From the entries below, please gather each line containing the string "units".

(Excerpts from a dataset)
-------------------------

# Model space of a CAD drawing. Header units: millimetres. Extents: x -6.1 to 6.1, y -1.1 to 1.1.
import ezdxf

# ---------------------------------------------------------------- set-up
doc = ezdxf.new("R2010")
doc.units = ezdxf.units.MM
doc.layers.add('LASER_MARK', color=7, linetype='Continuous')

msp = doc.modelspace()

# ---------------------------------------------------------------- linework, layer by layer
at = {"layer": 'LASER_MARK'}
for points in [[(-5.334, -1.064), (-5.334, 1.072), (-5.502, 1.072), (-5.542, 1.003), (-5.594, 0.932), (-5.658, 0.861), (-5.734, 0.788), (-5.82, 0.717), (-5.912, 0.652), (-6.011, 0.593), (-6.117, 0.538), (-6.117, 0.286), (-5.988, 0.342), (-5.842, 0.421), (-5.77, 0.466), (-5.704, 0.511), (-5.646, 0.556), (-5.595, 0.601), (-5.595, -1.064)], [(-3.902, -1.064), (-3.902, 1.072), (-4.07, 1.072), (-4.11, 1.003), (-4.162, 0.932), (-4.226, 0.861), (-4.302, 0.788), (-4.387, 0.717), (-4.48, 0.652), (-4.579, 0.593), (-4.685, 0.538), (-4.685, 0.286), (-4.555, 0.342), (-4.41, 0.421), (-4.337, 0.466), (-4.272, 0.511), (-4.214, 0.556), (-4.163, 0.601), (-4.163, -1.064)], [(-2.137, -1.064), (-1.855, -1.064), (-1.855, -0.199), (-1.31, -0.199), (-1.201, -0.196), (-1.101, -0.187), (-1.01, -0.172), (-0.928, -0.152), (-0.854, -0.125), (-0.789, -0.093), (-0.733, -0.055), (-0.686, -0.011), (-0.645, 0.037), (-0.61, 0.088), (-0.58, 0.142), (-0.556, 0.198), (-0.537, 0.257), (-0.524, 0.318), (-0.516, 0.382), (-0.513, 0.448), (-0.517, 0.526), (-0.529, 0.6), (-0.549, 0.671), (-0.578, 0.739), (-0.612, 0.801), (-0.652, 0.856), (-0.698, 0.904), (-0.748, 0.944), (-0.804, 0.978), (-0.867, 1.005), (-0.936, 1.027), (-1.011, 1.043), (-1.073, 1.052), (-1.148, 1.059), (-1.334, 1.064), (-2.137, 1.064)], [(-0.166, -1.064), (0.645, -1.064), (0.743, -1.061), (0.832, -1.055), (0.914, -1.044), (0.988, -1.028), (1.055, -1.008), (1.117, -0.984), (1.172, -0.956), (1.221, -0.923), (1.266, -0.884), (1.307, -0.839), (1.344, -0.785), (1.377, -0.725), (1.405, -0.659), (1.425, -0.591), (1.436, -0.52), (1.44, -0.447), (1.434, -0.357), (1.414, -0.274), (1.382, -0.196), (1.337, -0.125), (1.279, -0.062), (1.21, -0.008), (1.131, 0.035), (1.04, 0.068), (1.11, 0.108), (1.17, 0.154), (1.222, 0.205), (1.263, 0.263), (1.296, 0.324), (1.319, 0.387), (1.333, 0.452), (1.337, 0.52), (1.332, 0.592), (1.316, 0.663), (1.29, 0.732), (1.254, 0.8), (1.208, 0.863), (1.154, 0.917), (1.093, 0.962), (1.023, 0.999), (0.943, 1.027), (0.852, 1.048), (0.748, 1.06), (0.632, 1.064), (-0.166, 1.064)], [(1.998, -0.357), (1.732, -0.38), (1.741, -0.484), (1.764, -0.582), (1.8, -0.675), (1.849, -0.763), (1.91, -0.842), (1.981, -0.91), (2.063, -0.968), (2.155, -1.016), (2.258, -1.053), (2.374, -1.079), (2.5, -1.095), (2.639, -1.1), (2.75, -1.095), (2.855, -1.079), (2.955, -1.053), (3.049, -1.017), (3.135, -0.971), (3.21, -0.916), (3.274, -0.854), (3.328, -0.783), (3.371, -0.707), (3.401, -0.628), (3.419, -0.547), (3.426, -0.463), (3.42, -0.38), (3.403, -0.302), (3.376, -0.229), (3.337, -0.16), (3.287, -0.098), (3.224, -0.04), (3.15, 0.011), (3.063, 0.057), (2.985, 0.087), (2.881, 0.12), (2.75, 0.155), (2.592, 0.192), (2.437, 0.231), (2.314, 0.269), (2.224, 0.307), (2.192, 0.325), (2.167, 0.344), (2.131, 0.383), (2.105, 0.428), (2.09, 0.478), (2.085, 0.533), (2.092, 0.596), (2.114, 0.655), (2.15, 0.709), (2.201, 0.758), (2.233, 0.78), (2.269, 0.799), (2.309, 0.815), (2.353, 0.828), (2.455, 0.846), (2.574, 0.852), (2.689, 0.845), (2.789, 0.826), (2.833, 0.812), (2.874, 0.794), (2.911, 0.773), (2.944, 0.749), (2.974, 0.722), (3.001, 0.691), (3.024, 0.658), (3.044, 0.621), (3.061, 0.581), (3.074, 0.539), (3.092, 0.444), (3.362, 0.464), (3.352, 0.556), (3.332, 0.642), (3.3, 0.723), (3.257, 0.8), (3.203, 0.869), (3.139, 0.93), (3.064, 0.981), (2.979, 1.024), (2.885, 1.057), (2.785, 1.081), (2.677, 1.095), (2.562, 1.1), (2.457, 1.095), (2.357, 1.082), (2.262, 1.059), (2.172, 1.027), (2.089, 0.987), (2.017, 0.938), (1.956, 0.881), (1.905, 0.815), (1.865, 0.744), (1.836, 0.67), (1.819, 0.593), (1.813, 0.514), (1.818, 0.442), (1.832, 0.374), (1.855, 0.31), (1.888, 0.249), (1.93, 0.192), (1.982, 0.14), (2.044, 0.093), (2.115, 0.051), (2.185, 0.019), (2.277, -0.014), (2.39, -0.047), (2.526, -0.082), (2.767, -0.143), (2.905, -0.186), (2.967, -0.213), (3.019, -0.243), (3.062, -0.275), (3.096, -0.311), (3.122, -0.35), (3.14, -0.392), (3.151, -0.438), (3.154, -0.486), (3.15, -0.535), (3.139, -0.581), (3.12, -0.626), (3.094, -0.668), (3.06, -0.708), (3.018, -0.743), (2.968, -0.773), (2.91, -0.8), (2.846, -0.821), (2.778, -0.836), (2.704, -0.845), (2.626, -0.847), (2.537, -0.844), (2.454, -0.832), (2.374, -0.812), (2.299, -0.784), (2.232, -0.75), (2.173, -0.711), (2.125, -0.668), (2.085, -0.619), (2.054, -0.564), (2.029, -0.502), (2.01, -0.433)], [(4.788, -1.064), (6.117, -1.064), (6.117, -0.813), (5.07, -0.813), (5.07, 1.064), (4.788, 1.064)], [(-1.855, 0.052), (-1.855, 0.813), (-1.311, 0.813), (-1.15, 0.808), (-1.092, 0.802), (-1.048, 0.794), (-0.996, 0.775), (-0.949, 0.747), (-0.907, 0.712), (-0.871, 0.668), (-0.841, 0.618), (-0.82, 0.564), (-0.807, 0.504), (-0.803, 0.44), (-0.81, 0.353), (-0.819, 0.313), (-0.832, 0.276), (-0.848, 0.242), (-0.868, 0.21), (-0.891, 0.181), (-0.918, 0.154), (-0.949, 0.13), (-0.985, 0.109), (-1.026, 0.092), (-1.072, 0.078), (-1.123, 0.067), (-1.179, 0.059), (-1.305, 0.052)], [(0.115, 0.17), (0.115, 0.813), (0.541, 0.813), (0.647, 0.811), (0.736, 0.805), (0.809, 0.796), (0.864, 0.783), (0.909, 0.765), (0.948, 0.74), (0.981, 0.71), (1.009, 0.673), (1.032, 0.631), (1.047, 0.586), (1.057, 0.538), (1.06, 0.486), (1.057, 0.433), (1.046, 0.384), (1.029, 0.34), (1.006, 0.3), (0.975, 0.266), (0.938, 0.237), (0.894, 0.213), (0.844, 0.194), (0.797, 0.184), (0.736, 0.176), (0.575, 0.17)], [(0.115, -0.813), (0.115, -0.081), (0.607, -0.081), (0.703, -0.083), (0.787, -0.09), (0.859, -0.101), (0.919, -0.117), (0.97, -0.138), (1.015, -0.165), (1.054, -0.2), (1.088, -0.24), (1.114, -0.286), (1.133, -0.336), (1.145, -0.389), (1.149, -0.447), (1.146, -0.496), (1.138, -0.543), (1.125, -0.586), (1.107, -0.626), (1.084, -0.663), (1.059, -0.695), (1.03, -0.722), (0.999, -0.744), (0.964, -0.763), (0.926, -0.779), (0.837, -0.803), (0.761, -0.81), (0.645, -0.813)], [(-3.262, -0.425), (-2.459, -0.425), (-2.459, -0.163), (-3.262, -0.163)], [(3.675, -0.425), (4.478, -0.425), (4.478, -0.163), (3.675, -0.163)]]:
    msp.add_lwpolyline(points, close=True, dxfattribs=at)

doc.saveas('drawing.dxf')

-------------------------

Exercise result =
# Model space of a CAD drawing. Header units: millimetres. Extents: x -6.1 to 6.1, y -1.1 to 1.1.
doc.units = ezdxf.units.MM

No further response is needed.